Kock Meng, penyuap Gubernur Kepulauan Riau nonaktif, Nurdin Basirun, dituntut hukuman pidana penjara selama 2 tahun. Selain itu, ia denda senilai Rp100 juta subsider 6 bulan kurungan karena diduga terbukti menyuap Nurdin sebesar Rp 45 juta dan 11,000 dolar Singapura.
"Menuntut, menyatakan terdakwa Kock Meng telah terbukti bersalah melakukan tindak pidana korupsi secara bersama-sama," kata jaksa penuntut umum KPK, M Asri Irawan, saat membacakan surat tuntutan di Pengadilan Tipikor, Jakarta Pusat, Senin (27/1).
Dalam pertimbangannya, Asri menilai, hal yang memberatkan terhadap tuntutan Kock Meng lantaran perbuatannya dianggap tidak mendukung program pemerintah dalam pemberantasan korupsi. Sedangkan hal yang meringankan karena Kock Meng bersikap sopan, mempunyai tanggungan keluarga, dan belum pernah dihukum.
Lebih lanjut, Asri menerangkan, uang suap dari Kock Meng yang masuk ke kantong Nurdin diberikan secara bertahap melalui rekannya, Abu Bakar. Kemudian, Abu Bakar memberikannya kepada mantan Kepala Dinas Kelautan dan Perikanan Provinsi Kepulauan Riau, Edy Sofyan, dan Kepala Bidang Perikanan Tangkap Dinas Kelautan dan Perikanan Provinsi Kepulauan Riau, Budy Hartono.
“Dapat disimpulkan bahwa pemberian uang Rp45 juta, 5,000 dolar Singapura dan 6,000 dolar Singapura yang diserahkan oleh terdakwa kepada Nurdin Basirun melalui Abu Bakar, Budi Hartono dan Edy Sopian, adalah pemberian tidak resmi," kata jaksa.
Jaksa menyatakan uang suap diberikan agar Nurdin membantu Kock Meng memberikan izin usahanya di perairan Kepri.
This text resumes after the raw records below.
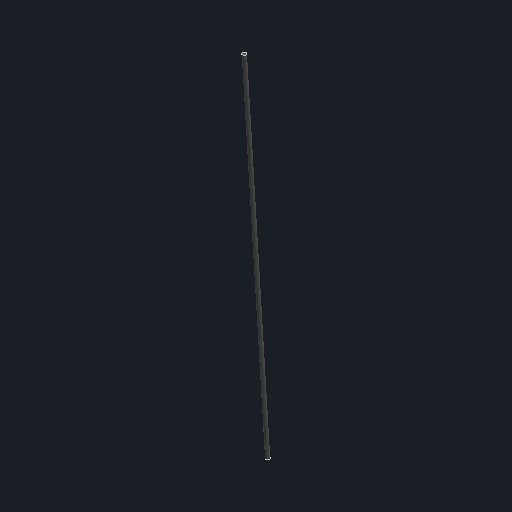
# Autodesk Inventor part: steering_rod
Saved by Autodesk Inventor 2024 (Build 280153000, 153)
## iProperties
Created: 2022-03-30
Part Number: steering_rod
Material: Generic
Document SubType Name: Modeling
Designer: kardo
Density: 1 g/cm^3
Appearance: Dark Plastic
Mass: 0.682366 g
Surface Area: 13.7101 cm^2
Volume: 0.682366 cm^3
Author: kardo
Autodesk Inventor part; units mm, degrees
ref_plane "YZ Plane" through (0, 0, 0) normal (1, 0, 0) x (0, 1, 0)
ref_plane "XZ Plane" through (0, 0, 0) normal (0, 1, 0) x (-1, 0, 0)
ref_plane "XY Plane" through (0, 0, 0) normal (0, 0, 1) x (1, 0, 0)
derived "stencil_frame.ipt"
sketch3d "sk_servo_rod"
ref_plane "Work Plane1" through (-9.6, -194.6817, 43.1496) normal (-0.0367367, -0.9944644, -0.0984426) x (0.9993184, -0.036916, 0)
sketch "Sketch1" plane through (-9.6, -194.6817, 43.1496) normal (-0.0367367, -0.9944644, -0.0984426) x (0.9993184, -0.036916, 0)
  circle A0 centre (0, 0) radius 1
  point P0 (2.4066, -62.1268)
  point P1 (0, 0)
  dimension "d1" = 2
  constraints: 1 centre point, 1 coincident
  measures "d1" diameter of A0
extrude "Extrusion1" add sketch "Sketch1" along normal up to surface (201.4333 mm away)
body "Solid1"

Pasalnya, Kock Meng berniat membuka restoran dan penginapan terapung di daerah Tanjung Piayu Batam.
"(Pemberian uang) memiliki tujuan atau maksud supaya Nurdin Basirun selaku penyelenggara berbuat dalam jabatannya, yaitu menandatangani izin prinsip pemanfaatan laut," tutur jaksa.
Perbuatan Kock Meng dianggap melanggar Pasal 5 Ayat 1 huruf a Undang-Undang Nomor 20 Tahun 2001 juncto Pasal 55 ayat (1) ke-1 Jo pasal 64 ayat (1) KUHP.